### Records for processing
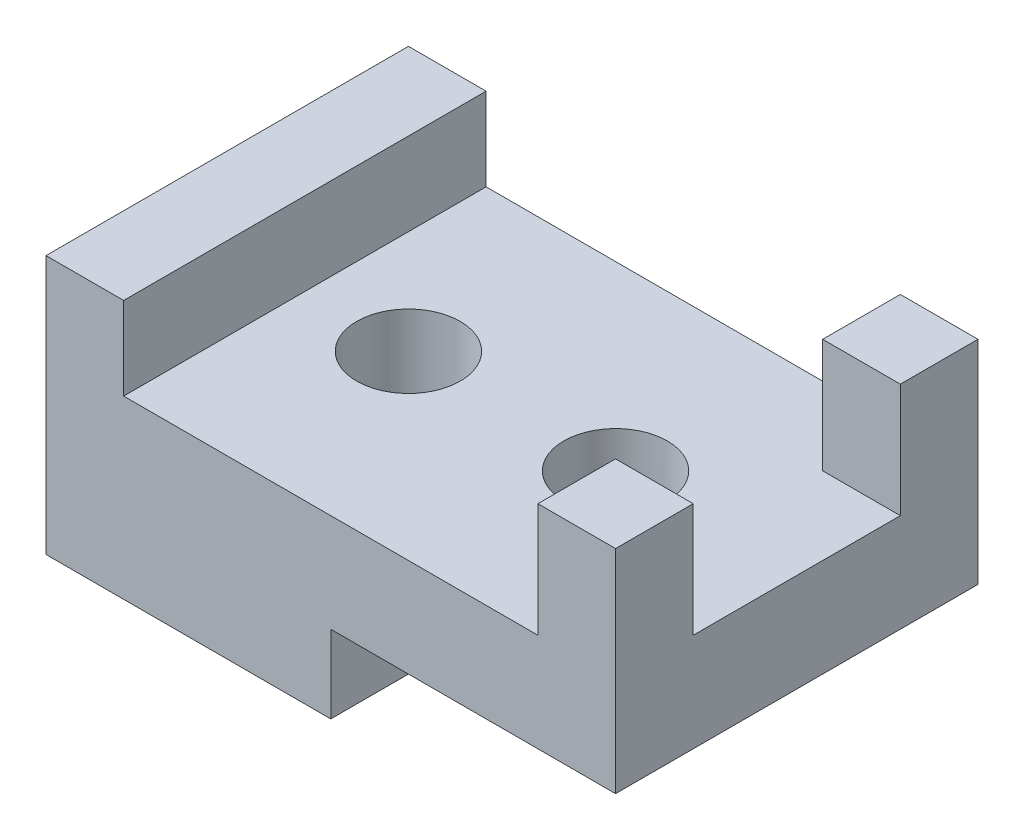
SolidWorks part; units mm, degrees
ref_plane "Plano frontal" through (0, 0, 0) normal (0, 0, 1) x (1, 0, 0)
ref_plane "Plano superior" through (0, 0, 0) normal (0, 1, 0) x (1, 0, 0)
ref_plane "Plano direito" through (0, 0, 0) normal (1, 0, 0) x (0, 0, -1)
sketch "Esboço1" plane through (0, 0, 0) normal (0, 0, 1) x (1, 0, 0)
  line L0 (0, 0) -> (0, -50)
  line L1 (0, -50) -> (55, -50)
  line L2 (110, -35) -> (110, -16)
  line L3 (110, -16) -> (15, -16)
  line L4 (15, -16) -> (15, 0)
  line L5 (15, 0) -> (0, 0)
  line L6 (55, -50) -> (55, -35)
  line L7 (55, -35) -> (110, -35)
  dimension "D1" = 50
  dimension "D2" = 15
  dimension "D3" = 110
  dimension "D4" = 15
  dimension "D5" = 16
  dimension "D6" = 55
extrude "Ressalto-extrusão1" add sketch "Esboço1" along normal blind 70
sketch "Esboço2" plane through (0, -16, 0) normal (0, 1, 0) x (1, 0, 0)
  line L1 (110, -70) -> (95, -70)
  line L2 (110, -70) -> (110, -55)
  line L3 (110, -55) -> (95, -55)
  line L4 (95, -70) -> (95, -55)
  line L5 (110, 0) -> (95, 0)
  line L6 (110, 0) -> (110, -15)
  line L7 (110, -15) -> (95, -15)
  line L8 (95, 0) -> (95, -15)
  dimension "D1" = 15
  dimension "D2" = 15
  dimension "D3" = 15
  dimension "D4" = 15
extrude "Ressalto-extrusão2" add sketch "Esboço2" along normal blind 22
sketch "Esboço3" plane through (0, -16, 0) normal (0, 1, 0) x (1, 0, 0)
  circle A0 centre (35, -35) radius 10
  circle A1 centre (75, -35) radius 10
  point P0 (0, 0)
  dimension "D5" = 20
  dimension "D6" = 20
extrude "Corte-extrusão1" cut sketch "Esboço3" against normal blind 10 contours A0
extrude "Corte-extrusão2" cut sketch "Esboço3<4>" against normal blind 20
sketch "Esboço3<4>" plane through (0, -16, 0) normal (0, 1, 0) x (1, 0, 0) same geometry as "Esboço3"

### Activity
Leave out the pictures, then return every line of the data exactly.

### Solution to this task
SolidWorks part; units mm, degrees
ref_plane "Plano frontal" through (0, 0, 0) normal (0, 0, 1) x (1, 0, 0)
ref_plane "Plano superior" through (0, 0, 0) normal (0, 1, 0) x (1, 0, 0)
ref_plane "Plano direito" through (0, 0, 0) normal (1, 0, 0) x (0, 0, -1)
sketch "Esboço1" plane through (0, 0, 0) normal (0, 0, 1) x (1, 0, 0)
  line L0 (0, 0) -> (0, -50)
  line L1 (0, -50) -> (55, -50)
  line L2 (110, -35) -> (110, -16)
  line L3 (110, -16) -> (15, -16)
  line L4 (15, -16) -> (15, 0)
  line L5 (15, 0) -> (0, 0)
  line L6 (55, -50) -> (55, -35)
  line L7 (55, -35) -> (110, -35)
  dimension "D1" = 50
  dimension "D2" = 15
  dimension "D3" = 110
  dimension "D4" = 15
  dimension "D5" = 16
  dimension "D6" = 55
extrude "Ressalto-extrusão1" add sketch "Esboço1" along normal blind 70
sketch "Esboço2" plane through (0, -16, 0) normal (0, 1, 0) x (1, 0, 0)
  line L1 (110, -70) -> (95, -70)
  line L2 (110, -70) -> (110, -55)
  line L3 (110, -55) -> (95, -55)
  line L4 (95, -70) -> (95, -55)
  line L5 (110, 0) -> (95, 0)
  line L6 (110, 0) -> (110, -15)
  line L7 (110, -15) -> (95, -15)
  line L8 (95, 0) -> (95, -15)
  dimension "D1" = 15
  dimension "D2" = 15
  dimension "D3" = 15
  dimension "D4" = 15
extrude "Ressalto-extrusão2" add sketch "Esboço2" along normal blind 22
sketch "Esboço3" plane through (0, -16, 0) normal (0, 1, 0) x (1, 0, 0)
  circle A0 centre (35, -35) radius 10
  circle A1 centre (75, -35) radius 10
  point P0 (0, 0)
  dimension "D5" = 20
  dimension "D6" = 20
extrude "Corte-extrusão1" cut sketch "Esboço3" against normal blind 10 contours A0
extrude "Corte-extrusão2" cut sketch "Esboço3<4>" against normal blind 20
sketch "Esboço3<4>" plane through (0, -16, 0) normal (0, 1, 0) x (1, 0, 0) same geometry as "Esboço3"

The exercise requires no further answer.